BEGIN Data shown
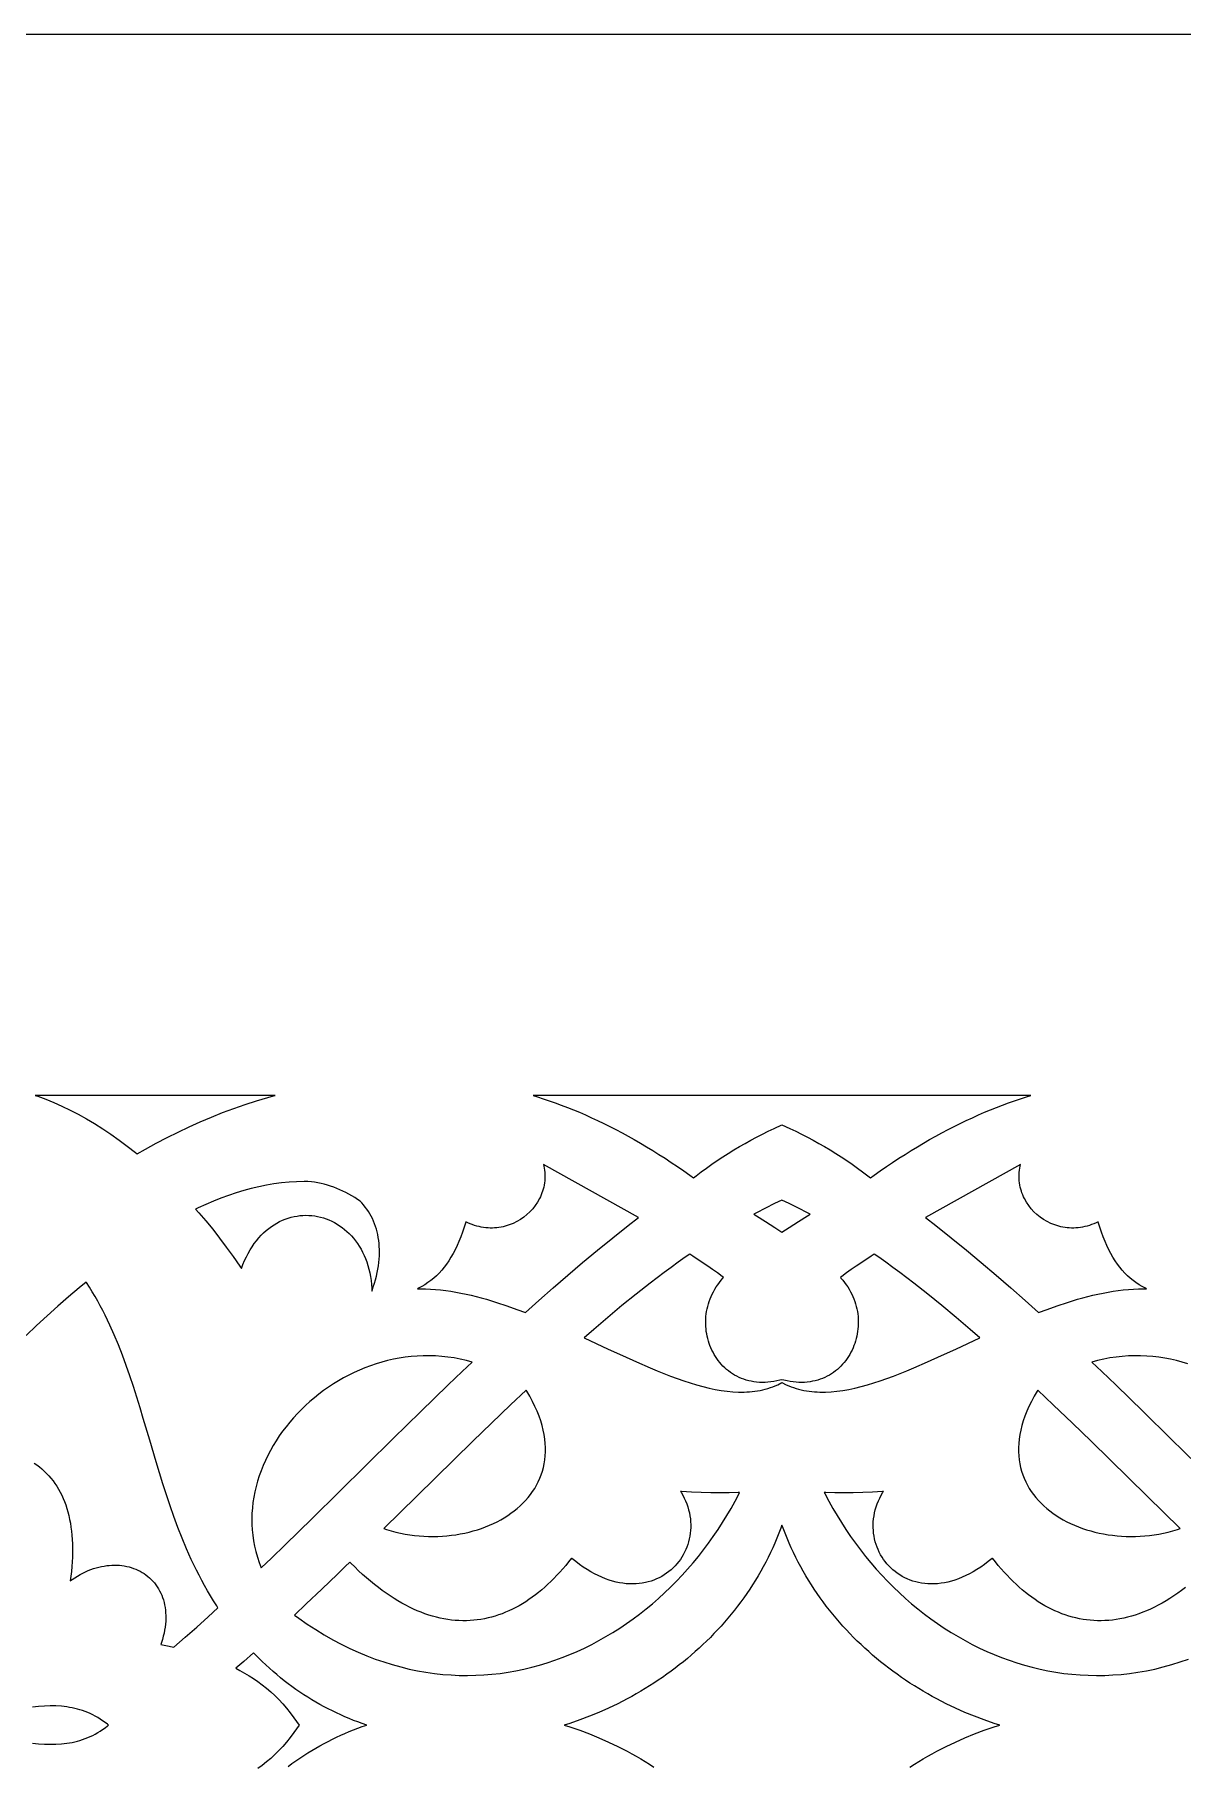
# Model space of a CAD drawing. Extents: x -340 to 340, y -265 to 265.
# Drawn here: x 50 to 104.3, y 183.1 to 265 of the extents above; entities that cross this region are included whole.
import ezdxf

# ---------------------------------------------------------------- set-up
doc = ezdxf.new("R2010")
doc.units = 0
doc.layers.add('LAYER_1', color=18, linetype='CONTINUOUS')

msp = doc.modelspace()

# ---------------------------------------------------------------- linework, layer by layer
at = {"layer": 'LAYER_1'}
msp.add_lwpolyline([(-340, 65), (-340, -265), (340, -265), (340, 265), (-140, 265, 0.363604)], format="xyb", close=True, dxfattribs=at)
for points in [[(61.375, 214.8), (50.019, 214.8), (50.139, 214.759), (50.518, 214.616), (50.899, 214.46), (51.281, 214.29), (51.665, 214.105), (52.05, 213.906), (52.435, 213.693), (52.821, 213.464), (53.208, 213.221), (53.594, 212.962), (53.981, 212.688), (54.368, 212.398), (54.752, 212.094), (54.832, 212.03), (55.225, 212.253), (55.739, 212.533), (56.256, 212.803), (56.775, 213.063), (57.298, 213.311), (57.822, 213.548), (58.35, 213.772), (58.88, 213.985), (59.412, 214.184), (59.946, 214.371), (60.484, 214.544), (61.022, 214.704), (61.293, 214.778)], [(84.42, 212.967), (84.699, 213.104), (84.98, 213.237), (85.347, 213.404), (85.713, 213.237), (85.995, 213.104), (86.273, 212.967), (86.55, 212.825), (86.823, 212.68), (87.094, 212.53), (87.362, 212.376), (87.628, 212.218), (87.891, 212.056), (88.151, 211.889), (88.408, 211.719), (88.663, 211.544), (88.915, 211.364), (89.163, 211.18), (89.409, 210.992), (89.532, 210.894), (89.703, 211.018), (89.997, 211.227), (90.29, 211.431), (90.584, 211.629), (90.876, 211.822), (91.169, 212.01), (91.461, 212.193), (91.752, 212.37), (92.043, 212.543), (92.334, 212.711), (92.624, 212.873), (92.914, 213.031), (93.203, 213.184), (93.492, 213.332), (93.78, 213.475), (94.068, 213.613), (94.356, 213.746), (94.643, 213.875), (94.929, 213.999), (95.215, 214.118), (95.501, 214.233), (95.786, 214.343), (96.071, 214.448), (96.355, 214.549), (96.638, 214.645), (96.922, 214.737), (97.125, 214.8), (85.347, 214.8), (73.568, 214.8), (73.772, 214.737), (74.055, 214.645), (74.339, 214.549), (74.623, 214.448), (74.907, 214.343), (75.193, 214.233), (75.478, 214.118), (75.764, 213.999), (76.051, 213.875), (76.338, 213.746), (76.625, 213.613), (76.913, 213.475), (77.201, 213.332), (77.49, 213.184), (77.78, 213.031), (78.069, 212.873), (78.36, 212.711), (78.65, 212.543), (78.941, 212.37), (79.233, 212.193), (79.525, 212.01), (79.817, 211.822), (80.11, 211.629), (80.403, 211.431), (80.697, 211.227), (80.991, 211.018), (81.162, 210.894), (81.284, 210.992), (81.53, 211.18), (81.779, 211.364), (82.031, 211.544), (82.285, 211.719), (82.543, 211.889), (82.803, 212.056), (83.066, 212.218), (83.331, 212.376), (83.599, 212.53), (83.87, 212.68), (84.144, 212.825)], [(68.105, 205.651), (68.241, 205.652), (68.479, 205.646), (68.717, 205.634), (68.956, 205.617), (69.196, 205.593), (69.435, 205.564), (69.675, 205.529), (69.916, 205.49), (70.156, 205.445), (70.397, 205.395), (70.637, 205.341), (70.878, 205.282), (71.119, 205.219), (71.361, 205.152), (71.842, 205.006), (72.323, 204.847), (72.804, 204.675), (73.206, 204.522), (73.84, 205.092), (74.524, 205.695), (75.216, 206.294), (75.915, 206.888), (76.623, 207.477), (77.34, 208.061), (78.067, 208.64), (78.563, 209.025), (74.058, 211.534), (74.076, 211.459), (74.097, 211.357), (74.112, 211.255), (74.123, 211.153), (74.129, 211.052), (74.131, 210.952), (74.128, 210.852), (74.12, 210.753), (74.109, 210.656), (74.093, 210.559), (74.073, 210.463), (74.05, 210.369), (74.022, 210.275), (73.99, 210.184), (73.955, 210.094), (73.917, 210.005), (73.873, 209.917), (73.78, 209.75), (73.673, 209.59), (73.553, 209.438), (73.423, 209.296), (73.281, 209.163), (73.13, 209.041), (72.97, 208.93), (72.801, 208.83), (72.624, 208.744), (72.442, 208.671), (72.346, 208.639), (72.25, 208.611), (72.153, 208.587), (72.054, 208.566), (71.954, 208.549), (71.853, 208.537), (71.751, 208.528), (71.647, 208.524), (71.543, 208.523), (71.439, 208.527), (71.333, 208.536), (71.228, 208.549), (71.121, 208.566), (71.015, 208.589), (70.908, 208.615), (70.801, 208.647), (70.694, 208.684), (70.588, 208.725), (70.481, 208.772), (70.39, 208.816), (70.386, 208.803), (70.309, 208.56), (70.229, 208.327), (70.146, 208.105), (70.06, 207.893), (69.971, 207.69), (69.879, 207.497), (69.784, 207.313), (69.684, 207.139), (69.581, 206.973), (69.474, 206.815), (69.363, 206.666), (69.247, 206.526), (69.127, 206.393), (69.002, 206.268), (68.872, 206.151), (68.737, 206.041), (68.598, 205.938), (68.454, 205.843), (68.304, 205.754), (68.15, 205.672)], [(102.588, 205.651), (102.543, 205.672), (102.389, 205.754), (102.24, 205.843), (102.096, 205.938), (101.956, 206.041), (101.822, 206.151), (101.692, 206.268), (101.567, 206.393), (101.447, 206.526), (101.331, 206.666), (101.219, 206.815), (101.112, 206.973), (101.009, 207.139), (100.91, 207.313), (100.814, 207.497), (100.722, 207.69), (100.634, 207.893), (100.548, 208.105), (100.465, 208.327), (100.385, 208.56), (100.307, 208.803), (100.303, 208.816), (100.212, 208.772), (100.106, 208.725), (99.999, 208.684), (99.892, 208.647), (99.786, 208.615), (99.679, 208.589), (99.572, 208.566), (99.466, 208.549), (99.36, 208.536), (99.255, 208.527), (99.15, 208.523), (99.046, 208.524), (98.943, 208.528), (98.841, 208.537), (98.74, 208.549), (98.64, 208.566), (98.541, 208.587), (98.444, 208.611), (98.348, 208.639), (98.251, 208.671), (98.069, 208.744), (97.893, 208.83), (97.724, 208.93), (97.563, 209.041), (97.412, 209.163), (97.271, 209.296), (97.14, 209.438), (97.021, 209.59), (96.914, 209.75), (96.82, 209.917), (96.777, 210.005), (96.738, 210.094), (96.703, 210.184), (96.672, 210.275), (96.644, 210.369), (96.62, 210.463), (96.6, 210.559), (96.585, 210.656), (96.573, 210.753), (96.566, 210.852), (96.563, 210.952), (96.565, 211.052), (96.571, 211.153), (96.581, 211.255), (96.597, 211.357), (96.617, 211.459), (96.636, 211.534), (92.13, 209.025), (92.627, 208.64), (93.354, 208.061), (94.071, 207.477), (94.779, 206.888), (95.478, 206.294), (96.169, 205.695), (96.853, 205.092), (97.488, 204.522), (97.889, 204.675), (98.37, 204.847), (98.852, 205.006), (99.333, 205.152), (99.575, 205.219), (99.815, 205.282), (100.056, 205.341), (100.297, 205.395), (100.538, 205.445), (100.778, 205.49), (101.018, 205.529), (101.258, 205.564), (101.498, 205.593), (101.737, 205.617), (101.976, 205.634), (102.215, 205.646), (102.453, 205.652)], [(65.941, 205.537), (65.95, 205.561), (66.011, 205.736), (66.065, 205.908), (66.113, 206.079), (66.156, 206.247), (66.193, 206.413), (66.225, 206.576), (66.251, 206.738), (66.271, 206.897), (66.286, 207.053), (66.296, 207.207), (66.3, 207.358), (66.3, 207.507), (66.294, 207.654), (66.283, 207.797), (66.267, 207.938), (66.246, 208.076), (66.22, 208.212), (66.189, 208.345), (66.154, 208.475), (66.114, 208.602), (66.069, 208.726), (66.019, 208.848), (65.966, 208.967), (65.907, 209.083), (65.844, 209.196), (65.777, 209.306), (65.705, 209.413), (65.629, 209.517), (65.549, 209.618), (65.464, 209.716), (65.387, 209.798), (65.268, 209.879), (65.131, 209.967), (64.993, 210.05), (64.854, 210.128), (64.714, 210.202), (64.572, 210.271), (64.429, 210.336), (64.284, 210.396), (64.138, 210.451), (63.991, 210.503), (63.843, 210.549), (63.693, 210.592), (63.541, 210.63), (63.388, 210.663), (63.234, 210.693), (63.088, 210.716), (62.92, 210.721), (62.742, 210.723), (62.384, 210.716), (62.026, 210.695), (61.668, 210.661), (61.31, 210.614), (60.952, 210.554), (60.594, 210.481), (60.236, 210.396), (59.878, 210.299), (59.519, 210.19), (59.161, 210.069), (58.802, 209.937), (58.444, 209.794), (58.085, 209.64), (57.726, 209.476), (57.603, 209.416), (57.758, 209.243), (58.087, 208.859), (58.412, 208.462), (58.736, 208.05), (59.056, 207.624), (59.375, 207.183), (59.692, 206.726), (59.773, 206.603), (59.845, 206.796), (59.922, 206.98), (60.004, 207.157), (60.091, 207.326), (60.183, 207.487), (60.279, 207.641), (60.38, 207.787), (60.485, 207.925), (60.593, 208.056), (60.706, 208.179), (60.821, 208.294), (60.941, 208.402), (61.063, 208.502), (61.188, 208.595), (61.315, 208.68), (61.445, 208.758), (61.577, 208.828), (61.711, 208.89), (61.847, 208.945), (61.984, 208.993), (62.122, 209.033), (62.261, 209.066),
END Data shown
_Exercise description_:
Only the lines from the top of the data through the line with "doc.units = 0" should be quoted, exactly and with both ends kept; skip the pictures.

_Answer to the problem_:
# Model space of a CAD drawing. Extents: x -340 to 340, y -265 to 265.
# Drawn here: x 50 to 104.3, y 183.1 to 265 of the extents above; entities that cross this region are included whole.
import ezdxf

# ---------------------------------------------------------------- set-up
doc = ezdxf.new("R2010")
doc.units = 0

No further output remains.